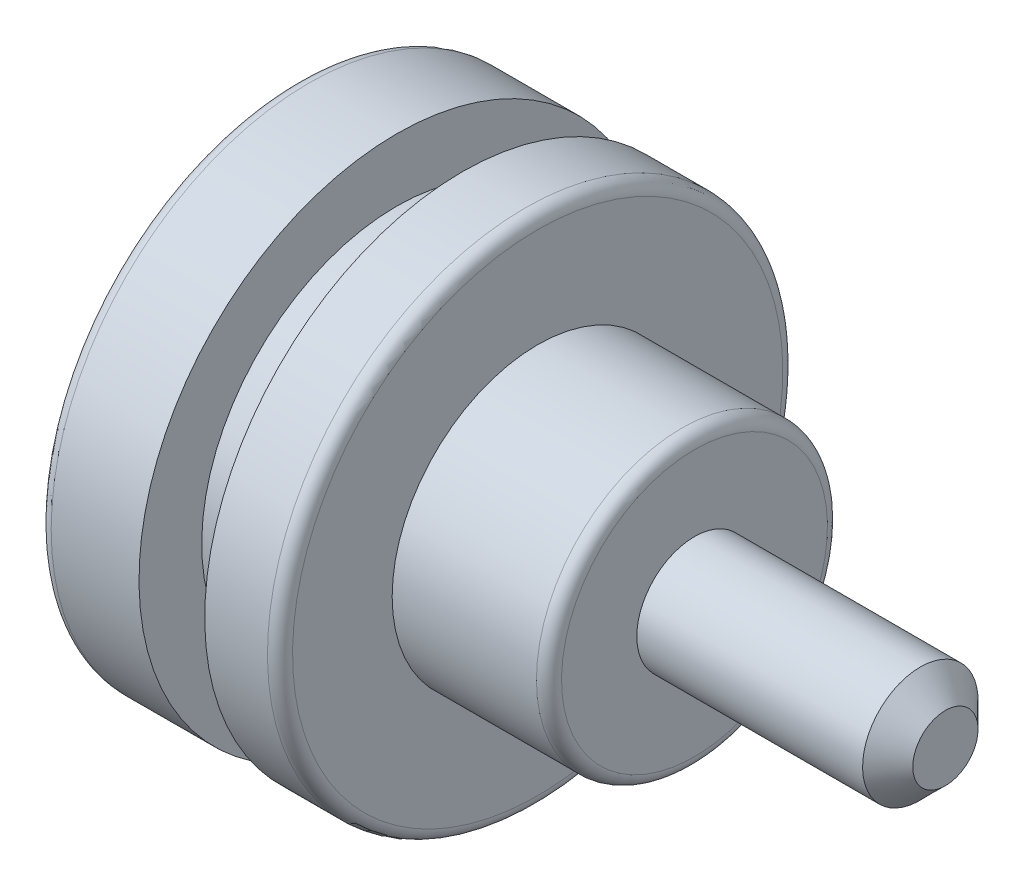
SolidWorks part; units mm, degrees
material "Cobre"
ref_plane "Plano frontal" through (0, 0, 0) normal (0, 0, 1) x (1, 0, 0)
ref_plane "Plano superior" through (0, 0, 0) normal (0, 1, 0) x (1, 0, 0)
ref_plane "Plano direito" through (0, 0, 0) normal (1, 0, 0) x (0, 0, -1)
sketch "Esboço1" plane through (0, 0, 0) normal (0, 0, 1) x (1, 0, 0)
  line L0 (0, 5) -> (0, 10.27)
  line L1 (0, 10.27) -> (4, 10.27)
  line L2 (4, 10.27) -> (4, 7.77)
  line L3 (4, 7.77) -> (6.62, 7.77)
  line L4 (6.62, 7.77) -> (6.62, 10.27)
  line L5 (6.62, 10.27) -> (9.62, 10.27)
  line L6 (9.62, 10.27) -> (9.62, 5.8)
  line L7 (9.62, 5.8) -> (15.87, 5.8)
  line L8 (25.87, 1.3) -> (25.87, 0)
  line L9 (25.87, 0) -> (9.3868, 0)
  line L10 (6.5, 5) -> (9.3868, 0)
  line L11 (6.5, 5) -> (0, 5)
  line L12 (14.62, -982.7136) -> (14.62, 49017.2864) construction
  line L13 (2.62, -1013.2056) -> (2.62, 48986.7944) construction
  line L14 (15.87, 5.8) -> (15.87, 2.3)
  line L15 (15.87, 2.3) -> (24.87, 2.3)
  line L16 (24.87, 2.3) -> (25.87, 1.3)
  point P10 (25.87, 2.3)
  dimension "D1" = 1
  dimension "D2" = 7.77
  dimension "D3" = 2.62
  dimension "D4" = 2.5
  dimension "D5" = 2.5
  dimension "D6" = 6.5
  dimension "D7" = 4
  dimension "D8" = 3
  dimension "D9" = 5.8
  dimension "D10" = 2.3
  dimension "D11" = 60
  dimension "D12" = 12
  dimension "D13" = 5
  dimension "D14" = 10.27
  dimension "D15" = 5
  dimension "D16" = 6.25
  dimension "D17" = 10
revolve "Revolução1" add sketch "Esboço1" angle 360 about L9
cosmetic thread "Representação de rosca2" parameters "D2"=11.1125
cosmetic thread "Representação de rosca3" parameters "D2"=9.6012
fillet "Filete2" radius 0.5 1 edges at (0, 5, 0)
fillet "Filete3" radius 0.5 1 edges at (0, 10.27, 0)
fillet "Filete4" radius 0.5 1 edges at (9.62, 10.27, 0)
fillet "Filete5" radius 0.5 1 edges at (15.87, 5.8, 0)
ref_plane "Plano1" through (0, 0, -10.27) normal (0, 0, -1) x (-1, 0, 0)
ref_axis "Eixo1" through (27.1635, 0, -10.27) along (-1, 0, 0)
sketch "Esboço5" plane through (0, 0, -10.27) normal (0, 0, -1) x (-1, 0, 0)
  line L0 (-27.1635, 0) -> (1.2935, 0) construction
  line L1 (-0.5, -10.27) -> (-0.5, 10.27) construction
  circle A0 centre (-2, 0) radius 1
  dimension "D1" = 2
  dimension "D2" = 1.5
extrude "Corte-extrusão1" cut sketch "Esboço5" against normal blind 3
chamfer "Chanfro1" distance 1 angle 45 1 edges at (1, 0, -7.27)

▶ _WHAT YOU WILL DO_: Would you copy every line of the entries in which "parameters" appears?

▶ _WORKED SOLUTION_:
cosmetic thread "Representação de rosca2" parameters "D2"=11.1125
cosmetic thread "Representação de rosca3" parameters "D2"=9.6012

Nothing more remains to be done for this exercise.